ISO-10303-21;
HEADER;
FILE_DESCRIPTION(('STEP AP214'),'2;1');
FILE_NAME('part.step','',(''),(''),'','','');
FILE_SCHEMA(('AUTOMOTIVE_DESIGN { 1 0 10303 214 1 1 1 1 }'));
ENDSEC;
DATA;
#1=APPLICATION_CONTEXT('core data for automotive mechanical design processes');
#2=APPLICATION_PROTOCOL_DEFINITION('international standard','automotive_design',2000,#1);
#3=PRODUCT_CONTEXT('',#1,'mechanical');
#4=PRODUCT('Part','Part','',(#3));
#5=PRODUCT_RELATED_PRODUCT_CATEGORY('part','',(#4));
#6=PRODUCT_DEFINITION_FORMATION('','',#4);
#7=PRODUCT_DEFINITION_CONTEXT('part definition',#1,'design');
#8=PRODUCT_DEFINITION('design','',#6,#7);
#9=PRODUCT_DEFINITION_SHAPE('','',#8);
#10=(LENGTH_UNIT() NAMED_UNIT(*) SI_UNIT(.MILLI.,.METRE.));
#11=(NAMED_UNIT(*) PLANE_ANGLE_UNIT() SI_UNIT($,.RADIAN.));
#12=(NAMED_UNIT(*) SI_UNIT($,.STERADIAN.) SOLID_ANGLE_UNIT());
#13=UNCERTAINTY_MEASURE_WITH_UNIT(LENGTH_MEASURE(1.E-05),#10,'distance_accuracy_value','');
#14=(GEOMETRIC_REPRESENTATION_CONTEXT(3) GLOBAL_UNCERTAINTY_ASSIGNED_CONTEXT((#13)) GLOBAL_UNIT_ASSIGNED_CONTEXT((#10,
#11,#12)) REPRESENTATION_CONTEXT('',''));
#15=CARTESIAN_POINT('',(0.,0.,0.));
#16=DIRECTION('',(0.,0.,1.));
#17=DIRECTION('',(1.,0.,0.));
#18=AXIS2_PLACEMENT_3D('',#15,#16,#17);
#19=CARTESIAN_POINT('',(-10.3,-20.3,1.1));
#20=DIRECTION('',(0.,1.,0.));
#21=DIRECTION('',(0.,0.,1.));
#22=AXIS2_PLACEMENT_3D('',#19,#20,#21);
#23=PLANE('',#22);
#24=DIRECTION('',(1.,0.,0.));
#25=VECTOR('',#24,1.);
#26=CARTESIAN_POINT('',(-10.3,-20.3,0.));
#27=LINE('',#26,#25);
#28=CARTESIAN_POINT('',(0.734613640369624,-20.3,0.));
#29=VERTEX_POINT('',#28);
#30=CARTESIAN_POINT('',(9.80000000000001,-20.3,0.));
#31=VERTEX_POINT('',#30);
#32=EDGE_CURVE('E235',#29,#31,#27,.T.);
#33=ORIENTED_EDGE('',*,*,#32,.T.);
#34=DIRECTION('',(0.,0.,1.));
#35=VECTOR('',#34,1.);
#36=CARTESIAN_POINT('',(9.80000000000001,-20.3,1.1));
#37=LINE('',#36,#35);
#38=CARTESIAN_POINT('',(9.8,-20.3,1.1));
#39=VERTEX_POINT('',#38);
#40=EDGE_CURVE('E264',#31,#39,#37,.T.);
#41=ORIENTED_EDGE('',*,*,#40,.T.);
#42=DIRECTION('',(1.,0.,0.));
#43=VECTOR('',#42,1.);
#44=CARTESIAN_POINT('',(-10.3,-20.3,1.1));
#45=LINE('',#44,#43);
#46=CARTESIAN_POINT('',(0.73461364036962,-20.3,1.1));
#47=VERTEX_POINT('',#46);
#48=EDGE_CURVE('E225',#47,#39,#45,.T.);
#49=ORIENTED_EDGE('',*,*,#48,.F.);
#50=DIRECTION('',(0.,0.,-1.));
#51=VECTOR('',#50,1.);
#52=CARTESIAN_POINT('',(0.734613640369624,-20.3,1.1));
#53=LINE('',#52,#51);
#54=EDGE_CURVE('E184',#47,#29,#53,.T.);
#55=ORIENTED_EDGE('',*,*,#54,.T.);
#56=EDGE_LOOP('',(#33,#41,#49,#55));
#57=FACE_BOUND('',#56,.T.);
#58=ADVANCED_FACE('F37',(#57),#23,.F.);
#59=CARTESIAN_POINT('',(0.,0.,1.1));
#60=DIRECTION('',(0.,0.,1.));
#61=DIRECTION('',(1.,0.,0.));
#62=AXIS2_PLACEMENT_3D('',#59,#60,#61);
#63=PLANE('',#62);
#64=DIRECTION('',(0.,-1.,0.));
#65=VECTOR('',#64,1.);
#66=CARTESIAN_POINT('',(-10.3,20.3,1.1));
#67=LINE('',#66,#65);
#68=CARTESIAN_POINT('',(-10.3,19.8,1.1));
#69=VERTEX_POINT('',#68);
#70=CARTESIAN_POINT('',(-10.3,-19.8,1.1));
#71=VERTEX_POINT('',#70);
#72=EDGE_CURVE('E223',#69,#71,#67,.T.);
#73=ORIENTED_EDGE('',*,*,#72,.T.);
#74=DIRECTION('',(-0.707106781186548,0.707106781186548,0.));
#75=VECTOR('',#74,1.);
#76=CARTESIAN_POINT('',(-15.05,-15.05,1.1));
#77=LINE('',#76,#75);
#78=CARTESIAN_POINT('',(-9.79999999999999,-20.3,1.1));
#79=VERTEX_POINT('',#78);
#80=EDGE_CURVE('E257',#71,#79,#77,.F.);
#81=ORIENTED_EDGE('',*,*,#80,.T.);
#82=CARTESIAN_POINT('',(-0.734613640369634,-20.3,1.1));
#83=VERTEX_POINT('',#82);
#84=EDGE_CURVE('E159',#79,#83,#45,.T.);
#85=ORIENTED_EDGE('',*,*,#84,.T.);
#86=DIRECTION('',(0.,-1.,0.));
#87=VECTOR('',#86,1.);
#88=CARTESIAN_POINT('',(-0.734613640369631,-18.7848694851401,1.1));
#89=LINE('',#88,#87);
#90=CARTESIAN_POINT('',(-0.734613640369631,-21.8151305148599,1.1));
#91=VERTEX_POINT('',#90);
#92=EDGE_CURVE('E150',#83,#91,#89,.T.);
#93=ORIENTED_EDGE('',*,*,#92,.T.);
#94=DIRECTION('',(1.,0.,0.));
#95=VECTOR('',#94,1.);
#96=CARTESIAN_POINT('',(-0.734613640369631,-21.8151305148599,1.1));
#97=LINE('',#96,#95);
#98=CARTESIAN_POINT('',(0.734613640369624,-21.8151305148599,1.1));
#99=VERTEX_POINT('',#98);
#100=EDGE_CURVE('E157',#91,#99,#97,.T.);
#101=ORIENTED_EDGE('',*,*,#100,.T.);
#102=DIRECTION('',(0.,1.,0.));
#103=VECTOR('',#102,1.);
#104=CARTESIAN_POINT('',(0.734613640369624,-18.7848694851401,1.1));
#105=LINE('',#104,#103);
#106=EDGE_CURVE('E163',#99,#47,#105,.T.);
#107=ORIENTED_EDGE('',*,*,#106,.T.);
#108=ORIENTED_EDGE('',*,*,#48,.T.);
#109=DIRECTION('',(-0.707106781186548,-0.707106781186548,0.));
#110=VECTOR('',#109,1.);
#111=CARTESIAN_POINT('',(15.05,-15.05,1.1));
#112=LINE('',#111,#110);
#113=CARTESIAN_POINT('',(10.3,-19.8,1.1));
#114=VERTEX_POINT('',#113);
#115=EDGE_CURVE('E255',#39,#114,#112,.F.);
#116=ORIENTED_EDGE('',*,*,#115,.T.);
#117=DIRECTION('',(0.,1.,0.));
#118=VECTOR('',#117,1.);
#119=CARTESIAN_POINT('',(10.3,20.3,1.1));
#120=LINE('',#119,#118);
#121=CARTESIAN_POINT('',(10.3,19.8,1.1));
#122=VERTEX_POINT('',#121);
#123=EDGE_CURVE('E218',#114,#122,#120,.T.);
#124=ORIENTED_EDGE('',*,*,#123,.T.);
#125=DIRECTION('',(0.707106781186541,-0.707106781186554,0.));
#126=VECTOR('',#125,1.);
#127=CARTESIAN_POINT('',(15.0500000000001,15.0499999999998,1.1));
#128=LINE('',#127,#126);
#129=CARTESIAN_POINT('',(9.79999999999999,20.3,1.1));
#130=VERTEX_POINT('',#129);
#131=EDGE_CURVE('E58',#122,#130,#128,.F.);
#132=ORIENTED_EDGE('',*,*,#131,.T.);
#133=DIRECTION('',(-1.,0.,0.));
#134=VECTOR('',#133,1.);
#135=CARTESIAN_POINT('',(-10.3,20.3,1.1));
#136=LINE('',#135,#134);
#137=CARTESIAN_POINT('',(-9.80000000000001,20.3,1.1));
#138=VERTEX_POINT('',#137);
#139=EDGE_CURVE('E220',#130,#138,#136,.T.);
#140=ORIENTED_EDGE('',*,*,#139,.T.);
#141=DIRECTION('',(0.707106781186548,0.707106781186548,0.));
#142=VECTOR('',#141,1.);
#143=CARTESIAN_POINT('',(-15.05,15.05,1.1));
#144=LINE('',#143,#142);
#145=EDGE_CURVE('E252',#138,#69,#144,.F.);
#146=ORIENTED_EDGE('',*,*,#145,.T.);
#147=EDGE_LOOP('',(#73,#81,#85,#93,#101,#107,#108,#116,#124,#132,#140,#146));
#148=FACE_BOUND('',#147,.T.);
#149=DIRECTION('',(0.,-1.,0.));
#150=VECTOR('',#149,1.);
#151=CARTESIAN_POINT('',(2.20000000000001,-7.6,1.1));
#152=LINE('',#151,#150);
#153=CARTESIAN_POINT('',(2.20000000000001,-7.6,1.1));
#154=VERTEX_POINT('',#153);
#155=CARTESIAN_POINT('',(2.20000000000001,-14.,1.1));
.....
WHAT YOU NEED TO DO:
Please give back, exactly as it stands above, the stretch from the line with "#141=DIRECTION('',(0.707106781186548,0.707106781186548,0.));" through the line with "#151=CARTESIAN_POINT('',(2.20000000000001,-7.6,1.1));", and no line outside it.

TASK ANSWER:
#141=DIRECTION('',(0.707106781186548,0.707106781186548,0.));
#142=VECTOR('',#141,1.);
#143=CARTESIAN_POINT('',(-15.05,15.05,1.1));
#144=LINE('',#143,#142);
#145=EDGE_CURVE('E252',#138,#69,#144,.F.);
#146=ORIENTED_EDGE('',*,*,#145,.T.);
#147=EDGE_LOOP('',(#73,#81,#85,#93,#101,#107,#108,#116,#124,#132,#140,#146));
#148=FACE_BOUND('',#147,.T.);
#149=DIRECTION('',(0.,-1.,0.));
#150=VECTOR('',#149,1.);
#151=CARTESIAN_POINT('',(2.20000000000001,-7.6,1.1));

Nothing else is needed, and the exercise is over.